(Data records)

Start of Block

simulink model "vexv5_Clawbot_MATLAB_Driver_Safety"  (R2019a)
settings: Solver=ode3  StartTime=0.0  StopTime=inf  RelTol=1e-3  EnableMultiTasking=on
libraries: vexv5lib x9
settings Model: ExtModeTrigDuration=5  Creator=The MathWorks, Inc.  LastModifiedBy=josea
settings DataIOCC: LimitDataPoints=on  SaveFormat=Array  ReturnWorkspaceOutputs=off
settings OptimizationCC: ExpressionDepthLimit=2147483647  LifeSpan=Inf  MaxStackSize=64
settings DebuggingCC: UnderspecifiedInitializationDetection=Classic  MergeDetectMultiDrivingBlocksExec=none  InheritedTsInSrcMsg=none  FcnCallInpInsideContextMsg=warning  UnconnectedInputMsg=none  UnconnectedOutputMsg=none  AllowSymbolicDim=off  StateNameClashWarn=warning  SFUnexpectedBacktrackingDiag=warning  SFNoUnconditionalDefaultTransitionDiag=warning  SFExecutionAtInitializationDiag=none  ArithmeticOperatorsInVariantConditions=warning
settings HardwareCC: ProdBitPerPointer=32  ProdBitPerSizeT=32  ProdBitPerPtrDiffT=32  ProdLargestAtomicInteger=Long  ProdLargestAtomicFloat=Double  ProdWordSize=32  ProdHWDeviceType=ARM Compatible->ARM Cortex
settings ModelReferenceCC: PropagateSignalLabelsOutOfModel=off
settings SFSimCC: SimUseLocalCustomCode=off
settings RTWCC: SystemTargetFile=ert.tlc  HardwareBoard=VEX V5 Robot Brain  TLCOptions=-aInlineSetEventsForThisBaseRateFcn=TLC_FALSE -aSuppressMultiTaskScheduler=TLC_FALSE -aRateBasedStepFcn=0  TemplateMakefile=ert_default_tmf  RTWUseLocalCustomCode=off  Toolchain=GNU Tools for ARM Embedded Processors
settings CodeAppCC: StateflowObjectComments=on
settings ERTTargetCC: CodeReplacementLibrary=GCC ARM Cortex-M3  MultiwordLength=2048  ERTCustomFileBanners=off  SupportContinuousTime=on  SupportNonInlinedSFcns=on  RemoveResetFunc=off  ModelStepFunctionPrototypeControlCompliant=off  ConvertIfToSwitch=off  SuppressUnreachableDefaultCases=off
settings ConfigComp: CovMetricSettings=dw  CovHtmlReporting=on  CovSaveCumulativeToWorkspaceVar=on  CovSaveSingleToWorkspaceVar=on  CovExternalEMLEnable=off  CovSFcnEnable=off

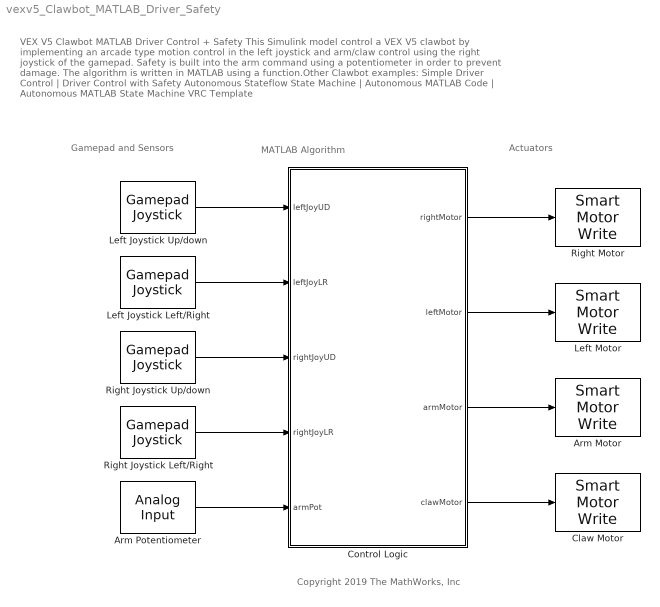
== system vexv5_Clawbot_MATLAB_Driver_Safety ==
  note: Actuators
  note: MATLAB Algorithm
  note: Gamepad and Sensors
  note: Copyright 2019 The MathWorks, Inc
  note: VEX V5 Clawbot MATLAB Driver Control + Safety
      | This Simulink model control a VEX V5 clawbot by implementing an arcade type motion control in the left joystick and arm/claw
      | control using the right joystick of the gamepad. Safety is built into the arm command using a potentiometer in order to prevent damage.
      | The algorithm is written in MATLAB using a function.Other Clawbot examples:
      | Simple Driver Control | Driver Control with Safety
      | Autonomous Stateflow State Machine | Autonomous MATLAB Code | Autonomous MATLAB State Machine
      | VRC Template
  Arm Motor : vexv5lib/Actuators/Smart Motor Write  motorPort=8  scaleFactor=18:1  MotorBrakeMode=Hold  OperationMode=Velocity Control
      settings: SourceProductName=Simulink Coder Support Package for VEX EDR V5 Robot Brain
  Arm Potentiometer : vexv5lib/Sensors/Analog Input  port=A  SampleTime=0.02
      settings: SourceProductName=Simulink Coder Support Package for VEX EDR V5 Robot Brain
  Claw Motor : vexv5lib/Actuators/Smart Motor Write  motorPort=3  scaleFactor=18:1  MotorBrakeMode=Hold  OperationMode=Velocity Control
      settings: SourceProductName=Simulink Coder Support Package for VEX EDR V5 Robot Brain
  Control Logic : MATLAB Function  TreatAsAtomicUnit=on
  Left Joystick Left/Right : vexv5lib/Gamepad/Gamepad Joystick  joystickType=Master  chan=4  SampleTime=0.02
      settings: SourceProductName=Simulink Coder Support Package for VEX EDR V5 Robot Brain
  Left Joystick Up/down : vexv5lib/Gamepad/Gamepad Joystick  joystickType=Master  chan=3  SampleTime=0.02
      settings: SourceProductName=Simulink Coder Support Package for VEX EDR V5 Robot Brain
  Left Motor : vexv5lib/Actuators/Smart Motor Write  motorPort=1  scaleFactor=18:1  MotorBrakeMode=Coast  OperationMode=Velocity Control
      settings: SourceProductName=Simulink Coder Support Package for VEX EDR V5 Robot Brain
  Right Joystick Left/Right : vexv5lib/Gamepad/Gamepad Joystick  joystickType=Master  chan=1  SampleTime=0.02
      settings: SourceProductName=Simulink Coder Support Package for VEX EDR V5 Robot Brain
  Right Joystick Up/down : vexv5lib/Gamepad/Gamepad Joystick  joystickType=Master  chan=2  SampleTime=0.02
      settings: SourceProductName=Simulink Coder Support Package for VEX EDR V5 Robot Brain
  Right Motor : vexv5lib/Actuators/Smart Motor Write  motorPort=10  scaleFactor=18:1  MotorBrakeMode=Coast  OperationMode=Velocity Control
      settings: SourceProductName=Simulink Coder Support Package for VEX EDR V5 Robot Brain
  wires:
  Right Joystick Up/down/1 -> Control Logic/3(rightJoyUD)
  Left Joystick Left/Right/1 -> Control Logic/2(leftJoyLR)
  Right Joystick Left/Right/1 -> Control Logic/4(rightJoyLR)
  Arm Potentiometer/1 -> Control Logic/5(armPot)
  Left Joystick Up/down/1 -> Control Logic/1(leftJoyUD)
  Control Logic/1(rightMotor) -> Right Motor/1
  Control Logic/2(leftMotor) -> Left Motor/1
  Control Logic/3(armMotor) -> Arm Motor/1
  Control Logic/4(clawMotor) -> Claw Motor/1

== matlab function vexv5_Clawbot_MATLAB_Driver_Safety/Control Logic ==
  data: leftJoyUD input; rightMotor output; leftJoyLR input; rightJoyUD input; rightJoyLR input; armPot input; leftMotor output; armMotor output; clawMotor output
function [rightMotor,leftMotor,armMotor,clawMotor] = robotControl(leftJoyUD, leftJoyLR, rightJoyUD, rightJoyLR, armPot)
% This MATLAB function contains the logic to map the control inputs from
% the VEX gamepad to the desired motor commands

%% Program Arcade Control for Wheels
leftMotor  = leftJoyLR + leftJoyUD;
rightMotor = leftJoyUD - leftJoyLR; 

% Saturate output to be within -127 to 127
leftMotor  = min(max(leftMotor,-127), 127);
rightMotor = min(max(rightMotor,-127), 127); 

%% Program Arm Control 
% Limit the motor command to zero if the position thresholds of the
% potentiometer are reached

if rightJoyUD > 0 && armPot < 2650 % Upper limit
    armMotor=rightJoyUD;
elseif rightJoyUD < 0 && armPot > 1400 % Lower limit
    armMotor=rightJoyUD;
else
    armMotor=0; % Motor command when limits are reached
end

% Change motor command depending on movement direction
if rightJoyUD > 0 
    armMotor = armMotor * 0.5; % More power for raising arm
else
    armMotor = armMotor * 0.3; % Less power for lowering arm
end

%% Program Claw Control

% Implement a deadzone to reduce joystick sensitivity
if rightJoyLR < 5 && rightJoyLR > -5
    clawMotor = 0;
else
    clawMotor = rightJoyLR;
end

End of Block

INSTRUCTIONS TO FOLLOW: Exactly as they appear above, write out all the entries, but not the images.

SOLUTION TO THIS PROBLEM:
simulink model "vexv5_Clawbot_MATLAB_Driver_Safety"  (R2019a)
settings: Solver=ode3  StartTime=0.0  StopTime=inf  RelTol=1e-3  EnableMultiTasking=on
libraries: vexv5lib x9
settings Model: ExtModeTrigDuration=5  Creator=The MathWorks, Inc.  LastModifiedBy=josea
settings DataIOCC: LimitDataPoints=on  SaveFormat=Array  ReturnWorkspaceOutputs=off
settings OptimizationCC: ExpressionDepthLimit=2147483647  LifeSpan=Inf  MaxStackSize=64
settings DebuggingCC: UnderspecifiedInitializationDetection=Classic  MergeDetectMultiDrivingBlocksExec=none  InheritedTsInSrcMsg=none  FcnCallInpInsideContextMsg=warning  UnconnectedInputMsg=none  UnconnectedOutputMsg=none  AllowSymbolicDim=off  StateNameClashWarn=warning  SFUnexpectedBacktrackingDiag=warning  SFNoUnconditionalDefaultTransitionDiag=warning  SFExecutionAtInitializationDiag=none  ArithmeticOperatorsInVariantConditions=warning
settings HardwareCC: ProdBitPerPointer=32  ProdBitPerSizeT=32  ProdBitPerPtrDiffT=32  ProdLargestAtomicInteger=Long  ProdLargestAtomicFloat=Double  ProdWordSize=32  ProdHWDeviceType=ARM Compatible->ARM Cortex
settings ModelReferenceCC: PropagateSignalLabelsOutOfModel=off
settings SFSimCC: SimUseLocalCustomCode=off
settings RTWCC: SystemTargetFile=ert.tlc  HardwareBoard=VEX V5 Robot Brain  TLCOptions=-aInlineSetEventsForThisBaseRateFcn=TLC_FALSE -aSuppressMultiTaskScheduler=TLC_FALSE -aRateBasedStepFcn=0  TemplateMakefile=ert_default_tmf  RTWUseLocalCustomCode=off  Toolchain=GNU Tools for ARM Embedded Processors
settings CodeAppCC: StateflowObjectComments=on
settings ERTTargetCC: CodeReplacementLibrary=GCC ARM Cortex-M3  MultiwordLength=2048  ERTCustomFileBanners=off  SupportContinuousTime=on  SupportNonInlinedSFcns=on  RemoveResetFunc=off  ModelStepFunctionPrototypeControlCompliant=off  ConvertIfToSwitch=off  SuppressUnreachableDefaultCases=off
settings ConfigComp: CovMetricSettings=dw  CovHtmlReporting=on  CovSaveCumulativeToWorkspaceVar=on  CovSaveSingleToWorkspaceVar=on  CovExternalEMLEnable=off  CovSFcnEnable=off

== system vexv5_Clawbot_MATLAB_Driver_Safety ==
  note: Actuators
  note: MATLAB Algorithm
  note: Gamepad and Sensors
  note: Copyright 2019 The MathWorks, Inc
  note: VEX V5 Clawbot MATLAB Driver Control + Safety
      | This Simulink model control a VEX V5 clawbot by implementing an arcade type motion control in the left joystick and arm/claw
      | control using the right joystick of the gamepad. Safety is built into the arm command using a potentiometer in order to prevent damage.
      | The algorithm is written in MATLAB using a function.Other Clawbot examples:
      | Simple Driver Control | Driver Control with Safety
      | Autonomous Stateflow State Machine | Autonomous MATLAB Code | Autonomous MATLAB State Machine
      | VRC Template
  Arm Motor : vexv5lib/Actuators/Smart Motor Write  motorPort=8  scaleFactor=18:1  MotorBrakeMode=Hold  OperationMode=Velocity Control
      settings: SourceProductName=Simulink Coder Support Package for VEX EDR V5 Robot Brain
  Arm Potentiometer : vexv5lib/Sensors/Analog Input  port=A  SampleTime=0.02
      settings: SourceProductName=Simulink Coder Support Package for VEX EDR V5 Robot Brain
  Claw Motor : vexv5lib/Actuators/Smart Motor Write  motorPort=3  scaleFactor=18:1  MotorBrakeMode=Hold  OperationMode=Velocity Control
      settings: SourceProductName=Simulink Coder Support Package for VEX EDR V5 Robot Brain
  Control Logic : MATLAB Function  TreatAsAtomicUnit=on
  Left Joystick Left/Right : vexv5lib/Gamepad/Gamepad Joystick  joystickType=Master  chan=4  SampleTime=0.02
      settings: SourceProductName=Simulink Coder Support Package for VEX EDR V5 Robot Brain
  Left Joystick Up/down : vexv5lib/Gamepad/Gamepad Joystick  joystickType=Master  chan=3  SampleTime=0.02
      settings: SourceProductName=Simulink Coder Support Package for VEX EDR V5 Robot Brain
  Left Motor : vexv5lib/Actuators/Smart Motor Write  motorPort=1  scaleFactor=18:1  MotorBrakeMode=Coast  OperationMode=Velocity Control
      settings: SourceProductName=Simulink Coder Support Package for VEX EDR V5 Robot Brain
  Right Joystick Left/Right : vexv5lib/Gamepad/Gamepad Joystick  joystickType=Master  chan=1  SampleTime=0.02
      settings: SourceProductName=Simulink Coder Support Package for VEX EDR V5 Robot Brain
  Right Joystick Up/down : vexv5lib/Gamepad/Gamepad Joystick  joystickType=Master  chan=2  SampleTime=0.02
      settings: SourceProductName=Simulink Coder Support Package for VEX EDR V5 Robot Brain
  Right Motor : vexv5lib/Actuators/Smart Motor Write  motorPort=10  scaleFactor=18:1  MotorBrakeMode=Coast  OperationMode=Velocity Control
      settings: SourceProductName=Simulink Coder Support Package for VEX EDR V5 Robot Brain
  wires:
  Right Joystick Up/down/1 -> Control Logic/3(rightJoyUD)
  Left Joystick Left/Right/1 -> Control Logic/2(leftJoyLR)
  Right Joystick Left/Right/1 -> Control Logic/4(rightJoyLR)
  Arm Potentiometer/1 -> Control Logic/5(armPot)
  Left Joystick Up/down/1 -> Control Logic/1(leftJoyUD)
  Control Logic/1(rightMotor) -> Right Motor/1
  Control Logic/2(leftMotor) -> Left Motor/1
  Control Logic/3(armMotor) -> Arm Motor/1
  Control Logic/4(clawMotor) -> Claw Motor/1

== matlab function vexv5_Clawbot_MATLAB_Driver_Safety/Control Logic ==
  data: leftJoyUD input; rightMotor output; leftJoyLR input; rightJoyUD input; rightJoyLR input; armPot input; leftMotor output; armMotor output; clawMotor output
function [rightMotor,leftMotor,armMotor,clawMotor] = robotControl(leftJoyUD, leftJoyLR, rightJoyUD, rightJoyLR, armPot)
% This MATLAB function contains the logic to map the control inputs from
% the VEX gamepad to the desired motor commands

%% Program Arcade Control for Wheels
leftMotor  = leftJoyLR + leftJoyUD;
rightMotor = leftJoyUD - leftJoyLR; 

% Saturate output to be within -127 to 127
leftMotor  = min(max(leftMotor,-127), 127);
rightMotor = min(max(rightMotor,-127), 127); 

%% Program Arm Control 
% Limit the motor command to zero if the position thresholds of the
% potentiometer are reached

if rightJoyUD > 0 && armPot < 2650 % Upper limit
    armMotor=rightJoyUD;
elseif rightJoyUD < 0 && armPot > 1400 % Lower limit
    armMotor=rightJoyUD;
else
    armMotor=0; % Motor command when limits are reached
end

% Change motor command depending on movement direction
if rightJoyUD > 0 
    armMotor = armMotor * 0.5; % More power for raising arm
else
    armMotor = armMotor * 0.3; % Less power for lowering arm
end

%% Program Claw Control

% Implement a deadzone to reduce joystick sensitivity
if rightJoyLR < 5 && rightJoyLR > -5
    clawMotor = 0;
else
    clawMotor = rightJoyLR;
end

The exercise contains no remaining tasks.